Anunciado pela União em março, o corte de quase R$ 40 bilhões em gastos tem afetado diretamente a operação de instituições e órgãos federais que atuam em Santa Catarina. Além da Polícia Federal, que ficou mais de duas semanas sem emitir passaportes, quem mais está sofrendo com a falta de recursos é a Polícia Rodoviária Federal (PRF), que precisou reduzir o trabalho de patrulhamento e fiscalização das estradas, inclusive com a suspensão de atividades aéreas e de escolta de cargas superdimensionadas.
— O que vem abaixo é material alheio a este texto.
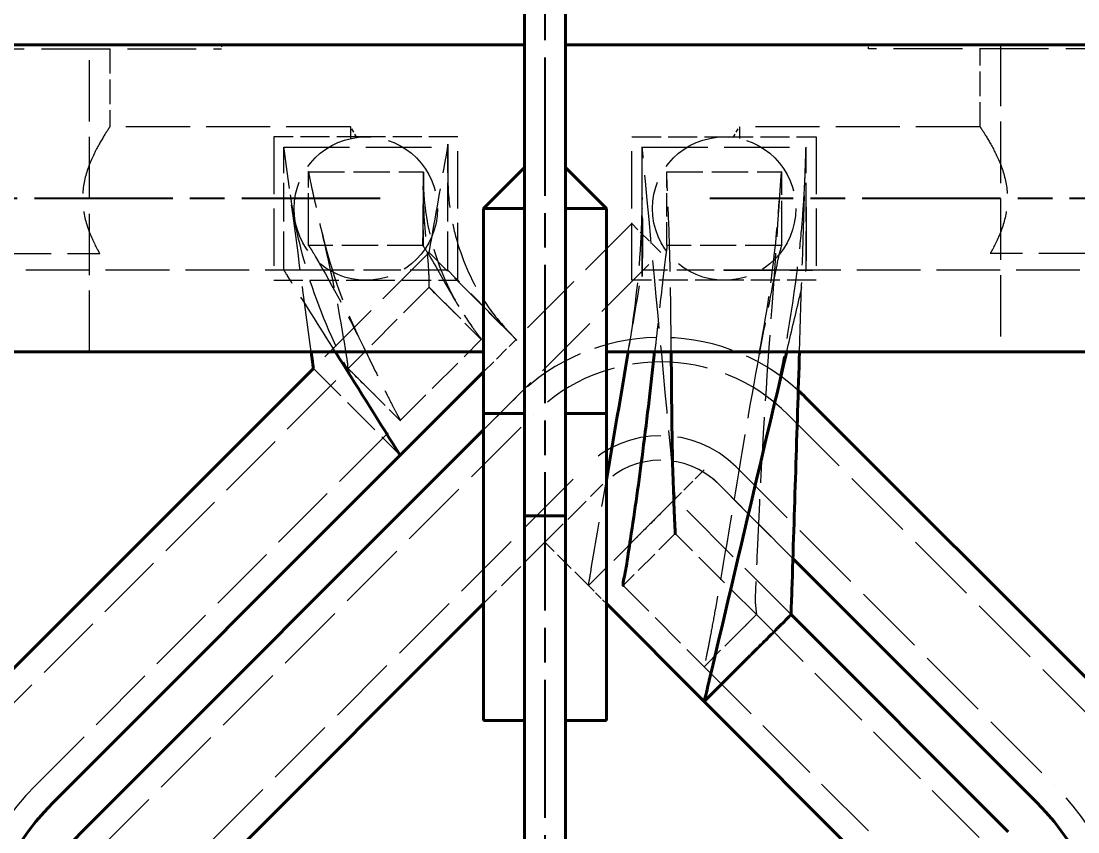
# Model space of a CAD drawing. Header units: millimetres. Extents: x 0 to 630, y 0 to 446.
# Drawn here: x 242.6 to 294.3, y 370.3 to 409.9 of the extents above; entities that cross this region are included whole.
import ezdxf

# ---------------------------------------------------------------- set-up
doc = ezdxf.new("R2010")
doc.units = ezdxf.units.MM
doc.header["$LTSCALE"] = 1.5
doc.linetypes.add('CHAIN', pattern=[0.3543, 0.2362, -0.0295, 0.0591, -0.0295])
doc.linetypes.add('DASHED', pattern=[0.2067, 0.1654, -0.0413])
for name, color, linetype, lineweight in [('가려진 것(ISO)', 2, 'DASHED', 18), ('가시적인 것(ISO)', 3, 'Continuous', 40), ('중심선(ISO)', 1, 'Continuous', 25), ('치수(ISO)', 2, 'Continuous', 25)]:
    doc.layers.add(name, color=color, linetype=linetype, lineweight=lineweight)
doc.styles.add('치수 텍스트_PSTEK_POSCO', font='isocp.shx')
doc.dimstyles.new('치수_PSTEK_POSCO', dxfattribs={"dimscale": 1.5, "dimtxt": 3, "dimasz": 2.5, "dimexe": 2, "dimexo": 2.5, "dimgap": 1, "dimtad": 1, "dimrnd": 1e-08, "dimdsep": 46, "dimtxsty": '치수 텍스트_PSTEK_POSCO', "dimcen": 0.09, "dimdle": 10, "dimclrd": 7, "dimclre": 7, "dimclrt": 2, "dimadec": 1, "dimazin": 2, "dimtfac": 1, "dimtmove": 0, "dimatfit": 3, "dimfxl": 0, "dimtolj": 1, "dimlwd": -1, "dimlwe": -1, "dimarcsym": 0})

# ---------------------------------------------------------------- blocks, each defined once
blk = doc.blocks.new('*D26')
at = {"layer": 'Defpoints', "color": 0}
for p in [(239.939, 375.956), (205.606, 341.622), (280.951, 334.943)]:
    blk.add_point(p, dxfattribs=at)
at = {"layer": '치수(ISO)', "color": 7}
for p, q in [((237.288, 373.304), (203.485, 339.501)), ((243.966, 303.262), (208.258, 338.971)), ((278.3, 332.292), (244.497, 298.489))]:
    blk.add_line(p, q, dxfattribs=at)
for points in [[(208.7, 339.413), (207.816, 338.529), (205.606, 341.622)], [(244.408, 303.704), (243.525, 302.82), (246.618, 300.61)]]:
    blk.add_solid(points, dxfattribs=at)
at = {"layer": '치수(ISO)', "color": 2, "insert": (227.014, 325.518), "char_height": 4.5, "attachment_point": 4, "rotation": 315, "style": '치수 텍스트_PSTEK_POSCO'}
blk.add_mtext('\\A1;58', dxfattribs=at)

msp = doc.modelspace()

# ---------------------------------------------------------------- linework, layer by layer
at = {"layer": '가려진 것(ISO)', "ltscale": 13.552266}
for p, q in [((231.023, 408.528), (252.423, 408.528)), ((305.423, 408.528), (284.023, 408.528))]:
    msp.add_line(p, q, dxfattribs=at)
at = {"layer": '가려진 것(ISO)', "ltscale": 12.094824}
for p, q in [((245.973, 393.728), (245.973, 408.728)), ((290.473, 408.728), (290.473, 393.728))]:
    msp.add_line(p, q, dxfattribs=at)
at = {"layer": '가려진 것(ISO)', "ltscale": 4.825131}
for p, q in [((246.973, 408.528), (246.973, 404.728)), ((289.473, 404.728), (289.473, 408.528))]:
    msp.add_line(p, q, dxfattribs=at)
at = {"layer": '가려진 것(ISO)', "ltscale": 0.25386}
for p, q in [((252.423, 408.728), (252.423, 408.528)), ((284.023, 408.528), (284.023, 408.728))]:
    msp.add_line(p, q, dxfattribs=at)
at = {"layer": '가려진 것(ISO)', "ltscale": 12.632371}
for p, q in [((258.723, 404.728), (246.973, 404.728)), ((289.473, 404.728), (277.723, 404.728))]:
    msp.add_line(p, q, dxfattribs=at)
at = {"layer": '가려진 것(ISO)', "ltscale": 2.598186}
for p, q in [((258.723, 404.728), (258.723, 404.146)), ((277.723, 404.728), (277.723, 404.146))]:
    msp.add_line(p, q, dxfattribs=at)
at = {"layer": '가려진 것(ISO)', "ltscale": 0.780496}
for p, q in [((259.04, 404.201), (258.723, 404.728)), ((277.407, 404.201), (277.723, 404.728))]:
    msp.add_line(p, q, dxfattribs=at)
at = {"layer": '가려진 것(ISO)', "ltscale": 11.288502}
for p, q in [((254.973, 404.228), (254.973, 397.228)), ((263.973, 397.228), (263.973, 404.228)), ((272.473, 397.228), (272.473, 404.228)), ((281.473, 404.228), (281.473, 397.228))]:
    msp.add_line(p, q, dxfattribs=at)
at = {"layer": '가려진 것(ISO)', "ltscale": 5.71399}
for p, q in [((259.473, 404.228), (254.973, 404.228)), ((263.973, 404.228), (259.473, 404.228)), ((272.473, 404.228), (276.973, 404.228)), ((276.973, 404.228), (281.473, 404.228)), ((254.973, 397.228), (259.473, 397.228)), ((259.473, 397.228), (263.973, 397.228)), ((276.973, 397.228), (272.473, 397.228)), ((281.473, 397.228), (276.973, 397.228))]:
    msp.add_line(p, q, dxfattribs=at)
at = {"layer": '가려진 것(ISO)', "ltscale": 12.901145}
for p, q in [((255.473, 403.728), (263.473, 403.728)), ((272.973, 403.728), (280.973, 403.728)), ((272.466, 399.997), (266.809, 394.34)), ((262.567, 398.583), (256.91, 392.926)), ((280.244, 380.905), (274.587, 386.562))]:
    msp.add_line(p, q, dxfattribs=at)
at = {"layer": '가려진 것(ISO)', "ltscale": 7.618686}
for p, q in [((255.473, 397.728), (255.473, 403.728)), ((263.473, 397.728), (263.473, 403.728)), ((272.973, 397.728), (272.973, 403.728)), ((280.973, 397.728), (280.973, 403.728)), ((266.809, 394.34), (262.567, 398.583)), ((256.91, 392.926), (261.152, 388.684)), ((274.587, 386.562), (270.345, 382.32))]:
    msp.add_line(p, q, dxfattribs=at)
at = {"layer": '가려진 것(ISO)', "ltscale": 4.571172}
for p, q in [((256.673, 398.928), (256.673, 402.528)), ((262.273, 402.528), (262.273, 398.928)), ((274.173, 398.928), (274.173, 402.528)), ((279.773, 402.528), (279.773, 398.928)), ((265.112, 394.34), (262.567, 396.886)), ((258.607, 392.926), (261.152, 390.381)), ((274.587, 384.865), (272.042, 382.32)), ((276.002, 378.36), (278.547, 380.905))]:
    msp.add_line(p, q, dxfattribs=at)
at = {"layer": '가려진 것(ISO)', "ltscale": 7.110767}
for p, q in [((256.673, 402.528), (262.273, 402.528)), ((274.173, 402.528), (279.773, 402.528)), ((262.273, 398.928), (256.673, 398.928)), ((279.773, 398.928), (274.173, 398.928)), ((262.567, 396.886), (258.607, 392.926)), ((261.152, 390.381), (265.112, 394.34)), ((278.547, 380.905), (274.587, 384.865)), ((272.042, 382.32), (276.002, 378.36))]:
    msp.add_line(p, q, dxfattribs=at)
at = {"layer": '가려진 것(ISO)', "ltscale": 2.539495}
for p, q in [((273.88, 398.583), (272.466, 399.997)), ((276.002, 387.976), (274.587, 386.562))]:
    msp.add_line(p, q, dxfattribs=at)
at = {"layer": '가려진 것(ISO)', "ltscale": 12.786557}
for p, q in [((236.969, 398.528), (246.478, 398.528)), ((299.478, 398.528), (289.969, 398.528))]:
    msp.add_line(p, q, dxfattribs=at)
at = {"layer": '가려진 것(ISO)', "ltscale": 13.162007}
msp.add_line((265.223, 389.926), (273.88, 398.583), dxfattribs=at)
at = {"layer": '가려진 것(ISO)', "ltscale": 12.561595}
for p, q in [((257.671, 397.728), (218.723, 397.728)), ((317.723, 397.728), (278.776, 397.728))]:
    msp.add_line(p, q, dxfattribs=at)
at = {"layer": '가려진 것(ISO)', "ltscale": 7.368251}
for p, q in [((263.473, 397.728), (257.671, 397.728)), ((278.776, 397.728), (272.973, 397.728))]:
    msp.add_line(p, q, dxfattribs=at)
at = {"layer": '가려진 것(ISO)', "ltscale": 2.8476}
for p, q in [((265.223, 392.755), (266.809, 394.34)), ((265.223, 389.926), (266.809, 391.512))]:
    msp.add_line(p, q, dxfattribs=at)
at = {"layer": '가려진 것(ISO)', "ltscale": 13.546203}
for p, q in [((240.788, 375.107), (258.607, 392.926)), ((243.333, 372.562), (261.152, 390.381))]:
    msp.add_line(p, q, dxfattribs=at)
at = {"layer": '가려진 것(ISO)', "ltscale": 13.822656}
for p, q in [((246.445, 369.45), (267.658, 390.663)), ((248.99, 366.905), (270.203, 388.118))]:
    msp.add_line(p, q, dxfattribs=at)
at = {"layer": '가려진 것(ISO)', "ltscale": 14.191259}
for p, q in [((280.103, 390.663), (295.659, 375.107)), ((277.557, 388.118), (293.114, 372.562))]:
    msp.add_line(p, q, dxfattribs=at)
at = {"layer": '가려진 것(ISO)', "ltscale": 9.875577}
msp.add_line((280.332, 383.646), (276.002, 387.976), dxfattribs=at)
at = {"layer": '가려진 것(ISO)', "ltscale": 5.079091}
msp.add_line((268.223, 384.441), (271.052, 387.269), dxfattribs=at)
at = {"layer": '가려진 것(ISO)', "ltscale": 6.506147}
msp.add_line((276.709, 387.269), (280.332, 383.646), dxfattribs=at)
at = {"layer": '가려진 것(ISO)', "ltscale": 5.387196}
msp.add_line((268.223, 384.441), (265.223, 381.441), dxfattribs=at)
at = {"layer": '가려진 것(ISO)', "ltscale": 3.809293}
for p, q in [((270.345, 382.32), (268.223, 384.441)), ((278.123, 378.784), (280.244, 380.905))]:
    msp.add_line(p, q, dxfattribs=at)
at = {"layer": '가려진 것(ISO)', "ltscale": 1.577802}
msp.add_line((270.345, 382.32), (271.223, 381.441), dxfattribs=at)
at = {"layer": '가려진 것(ISO)', "ltscale": 13.062409}
for p, q in [((278.547, 380.905), (290.002, 369.45)), ((276.002, 378.36), (287.457, 366.905))]:
    msp.add_line(p, q, dxfattribs=at)
at = {"layer": '가려진 것(ISO)', "ltscale": 14.18555}
for centre in [(259.473, 400.728), (276.973, 400.728)]:
    msp.add_circle(centre, 3.5, dxfattribs=at)
at = {"layer": '가려진 것(ISO)', "ltscale": 12.267827}
msp.add_arc((273.88, 384.441), 10, 47.827, 135, dxfattribs=at)
at = {"layer": '가려진 것(ISO)', "ltscale": 14.861053}
msp.add_arc((273.88, 384.441), 8.8, 45, 135, dxfattribs=at)
at = {"layer": '가려진 것(ISO)', "ltscale": 13.172297}
msp.add_arc((273.88, 384.441), 5.2, 45, 135, dxfattribs=at)
at = {"layer": '가려진 것(ISO)', "ltscale": 10.132536}
msp.add_arc((273.88, 384.441), 4, 45, 135, dxfattribs=at)
at = {"layer": '가려진 것(ISO)', "ltscale": 13.374947}
for centre, start, end in [((252.667, 363.228), 135, 225), ((283.78, 363.228), 315, 45)]:
    msp.add_arc(centre, 13.2, start, end, dxfattribs=at)
at = {"layer": '가려진 것(ISO)', "ltscale": 14.364047}
for points in [[(246.973, 404.728), (246.948, 404.69), (246.909, 404.634), (246.679, 404.271), (246.514, 404.004), (246.191, 403.398), (246.006, 403.015), (245.726, 402.161), (245.637, 401.688), (245.637, 400.767), (245.726, 400.294), (246.006, 399.44), (246.191, 399.057), (246.395, 398.675), (246.437, 398.6), (246.478, 398.528)], [(289.473, 404.728), (289.499, 404.69), (289.538, 404.634), (289.768, 404.271), (289.932, 404.004), (290.256, 403.398), (290.44, 403.015), (290.721, 402.161), (290.81, 401.688), (290.81, 400.767), (290.721, 400.294), (290.44, 399.44), (290.256, 399.057), (290.052, 398.675), (290.01, 398.6), (289.969, 398.528)]]:
    msp.add_open_spline(points, degree=3, knots=[0.5493, 0.5493, 0.5493, 0.5493, 0.6858655, 0.6858655, 0.822431, 0.822431, 0.9605155, 0.9605155, 1.0986001, 1.0986001, 1.2366847, 1.2366847, 1.3747692, 1.3747692, 1.4098951, 1.4098951, 1.4098951, 1.4098951], dxfattribs=at)
at = {"layer": '가려진 것(ISO)', "ltscale": 12.977553}
msp.add_open_spline([(256.803, 393.728), (256.375, 396.95), (255.946, 400.173), (255.518, 403.395), (255.517, 403.397), (255.517, 403.398), (255.517, 403.4), (255.488, 403.615), (255.474, 403.725), (255.473, 403.728), (255.473, 403.728), (255.473, 403.728), (255.473, 403.728), (255.473, 403.728), (255.473, 403.728), (255.473, 403.728)], degree=3, knots=[0.1552332, 0.1552332, 0.1552332, 0.1552332, 0.8799197, 0.8799197, 0.8799197, 0.8802622, 0.8802622, 0.8802622, 0.9289453, 0.9289453, 0.9289453, 0.929499, 0.929499, 0.929499, 1, 1, 1, 1], dxfattribs=at)
at = {"layer": '가려진 것(ISO)', "ltscale": 12.734439}
msp.add_open_spline([(262.567, 398.583), (262.567, 398.583), (262.567, 398.583), (262.567, 398.583), (262.567, 398.583), (262.567, 398.583), (262.567, 398.583), (262.567, 398.586), (262.571, 398.61), (262.579, 398.656), (262.58, 398.658), (262.58, 398.66), (262.581, 398.662), (262.874, 400.324), (263.167, 401.986), (263.46, 403.649), (263.46, 403.651), (263.46, 403.653), (263.461, 403.655), (263.469, 403.701), (263.473, 403.725), (263.473, 403.728), (263.473, 403.728), (263.473, 403.728), (263.473, 403.728), (263.473, 403.728), (263.473, 403.728), (263.473, 403.728)], degree=3, knots=[0, 0, 0, 0, 0.085051, 0.085051, 0.085051, 0.086249, 0.086249, 0.086249, 0.108764, 0.108764, 0.108764, 0.109741, 0.109741, 0.109741, 0.890259, 0.890259, 0.890259, 0.891236, 0.891236, 0.891236, 0.913751, 0.913751, 0.913751, 0.914949, 0.914949, 0.914949, 1, 1, 1, 1], dxfattribs=at)
at = {"layer": '가려진 것(ISO)', "ltscale": 13.14643}
msp.add_open_spline([(263.473, 403.728), (263.473, 403.728), (263.473, 403.728), (263.473, 403.728), (263.473, 403.728), (263.473, 403.728), (263.468, 404.077), (263.474, 403.718), (263.474, 403.715), (263.474, 403.668), (263.475, 403.623), (263.478, 403.397), (263.479, 403.215), (263.482, 402.848), (263.482, 402.654), (263.483, 402.426), (263.483, 402.362), (263.483, 402.263), (263.483, 402.224), (263.483, 402.093), (263.484, 402.006), (263.491, 401.559), (263.522, 401.142), (263.643, 400.276), (263.736, 399.827), (264.151, 398.301), (264.596, 397.261), (265.492, 395.847), (265.851, 395.383), (266.33, 394.847), (266.426, 394.742), (266.595, 394.563), (266.689, 394.465), (266.772, 394.379), (266.782, 394.368), (266.796, 394.354), (266.801, 394.349), (266.806, 394.344), (266.807, 394.343), (266.868, 394.28), (266.833, 394.316), (266.809, 394.34), (266.809, 394.34), (266.809, 394.34)], degree=3, knots=[0, 0, 0, 0, 0.210478, 0.210478, 0.323636, 0.323636, 0.436794, 0.436794, 0.437678, 0.437678, 0.451824, 0.451824, 0.508405, 0.508405, 0.56664, 0.56664, 0.595328, 0.595328, 0.623687, 0.623687, 0.702359, 0.702359, 1.328487, 1.328487, 1.982592, 1.982592, 3.573108, 3.573108, 4.425614, 4.425614, 4.638864, 4.638864, 4.79894, 4.79894, 4.825812, 4.825812, 4.839957, 4.839957, 4.843494, 4.843494, 5.069809, 5.069809, 5.287825, 5.287825, 5.287825, 5.287825], dxfattribs=at)
at = {"layer": '가려진 것(ISO)', "ltscale": 14.881125}
msp.add_open_spline([(272.973, 400.728), (272.973, 400.728), (272.973, 400.728), (272.973, 400.728), (272.973, 400.728), (272.973, 400.728), (272.973, 400.728), (272.973, 400.728), (272.973, 400.728), (272.973, 400.728), (272.973, 400.728), (272.973, 400.728), (272.973, 400.728), (272.973, 400.728), (272.973, 400.728), (272.973, 400.728), (272.973, 400.728), (272.973, 400.728), (272.973, 400.728), (272.973, 400.728), (272.973, 400.728), (272.973, 400.728), (272.973, 400.728), (272.973, 400.728), (272.973, 400.728), (272.973, 400.728), (272.973, 400.728), (272.973, 400.728), (272.973, 400.718), (272.973, 400.728), (272.973, 400.728), (272.973, 400.729), (272.973, 400.729), (272.973, 400.731), (272.973, 400.732), (272.973, 400.737), (272.973, 400.741), (272.973, 400.756), (272.973, 400.766), (272.972, 401.132), (272.971, 401.517), (272.969, 402.249), (272.969, 402.601), (272.97, 403.153), (272.971, 403.364), (272.973, 403.596), (272.973, 403.623), (272.973, 403.671), (272.973, 403.692), (272.973, 403.716), (272.973, 403.72), (272.973, 403.725), (272.973, 403.726), (272.974, 403.747), (272.973, 403.736), (272.973, 403.731), (272.973, 403.729), (272.973, 403.728), (272.973, 403.728), (272.973, 403.728), (272.973, 403.728), (272.973, 403.728), (272.973, 403.728), (272.973, 403.728), (272.973, 403.728), (272.973, 403.728), (272.973, 403.728), (272.973, 403.728), (272.973, 403.728), (272.973, 403.728), (272.973, 403.728), (272.973, 403.728)], degree=3, knots=[0, 0, 0, 0, 0.0000127, 0.0000127, 0.0002167, 0.0002167, 0.00071, 0.00071, 0.0112344, 0.0112344, 0.0463155, 0.0463155, 0.1047841, 0.1047841, 0.153508, 0.153508, 0.1941111, 0.1941111, 0.2279471, 0.2279471, 0.2561438, 0.2561438, 0.279641, 0.279641, 0.299222, 0.299222, 0.3024855, 0.3024855, 0.3057491, 0.3057491, 0.3058, 0.3058, 0.305902, 0.305902, 0.30631, 0.30631, 0.3076265, 0.3076265, 0.3111371, 0.3111371, 0.4278126, 0.4278126, 0.5315802, 0.5315802, 0.5970354, 0.5970354, 0.6058495, 0.6058495, 0.6124601, 0.6124601, 0.6136995, 0.6136995, 0.6141074, 0.6141074, 0.6206346, 0.6206346, 0.6402156, 0.6402156, 0.6637128, 0.6637128, 0.6919095, 0.6919095, 0.7257455, 0.7257455, 0.7663486, 0.7663486, 0.8150725, 0.8150725, 0.873541, 0.873541, 0.9211155, 0.9211155, 0.9211155, 0.9211155], dxfattribs=at)
at = {"layer": '가려진 것(ISO)', "ltscale": 13.4612}
msp.add_open_spline([(274.587, 386.562), (274.587, 386.562), (274.587, 386.562), (274.587, 386.562), (274.587, 386.562), (274.583, 386.606), (274.575, 386.693), (274.57, 386.75), (274.563, 386.826), (274.554, 386.92), (274.52, 387.28), (274.486, 387.64), (274.452, 388), (273.982, 393.004), (273.511, 398.008), (273.041, 403.013), (273.03, 403.128), (273.02, 403.23), (273.012, 403.318), (272.996, 403.491), (272.984, 403.61), (272.979, 403.674), (272.975, 403.71), (272.974, 403.72), (272.974, 403.725), (272.974, 403.727), (272.973, 403.727), (272.973, 403.728)], degree=3, knots=[0, 0, 0, 0, 0.037505, 0.037505, 0.037505, 0.058689, 0.058689, 0.058689, 0.072646, 0.072646, 0.072646, 0.126367, 0.126367, 0.126367, 0.873138, 0.873138, 0.873138, 0.890363, 0.890363, 0.890363, 0.924202, 0.924202, 0.924202, 0.94342, 0.94342, 0.94342, 1, 1, 1, 1], dxfattribs=at)
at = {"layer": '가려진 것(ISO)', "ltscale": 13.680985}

De acordo com o inspetor Adriano Fiamoncini, na regional catarinense da unidade, o orçamento total para 2017 caiu de R$ 10 milhões para R$ 7,2 milhões. Nacionalmente, o valor total previsto caiu de R$ 420 milhões para R$ 236 milhões, uma queda de 44%. A sede da PRF em Brasília absorverá a maior parte desta redução a fim de evitar que as superintendências regionais sofram menos, porém apenas isso não tem sido suficiente e no começo de julho veio uma determinação da direção-geral em Brasília .

— Foram determinadas medidas de adequação orçamentária que afetaram também a área finalística da PRF,  que é a fiscalização das rodovias federais — conta Fiamoncini.

Em meio a esse ambiente de contenção de custos, os policiais têm procurado otimizar as operações. Com o objetivo de economizar combustível, por exemplo, a orientação é que aproveitem, quando possível, os deslocamentos para atender acidentes para também realizar patrulhamentos estáticos.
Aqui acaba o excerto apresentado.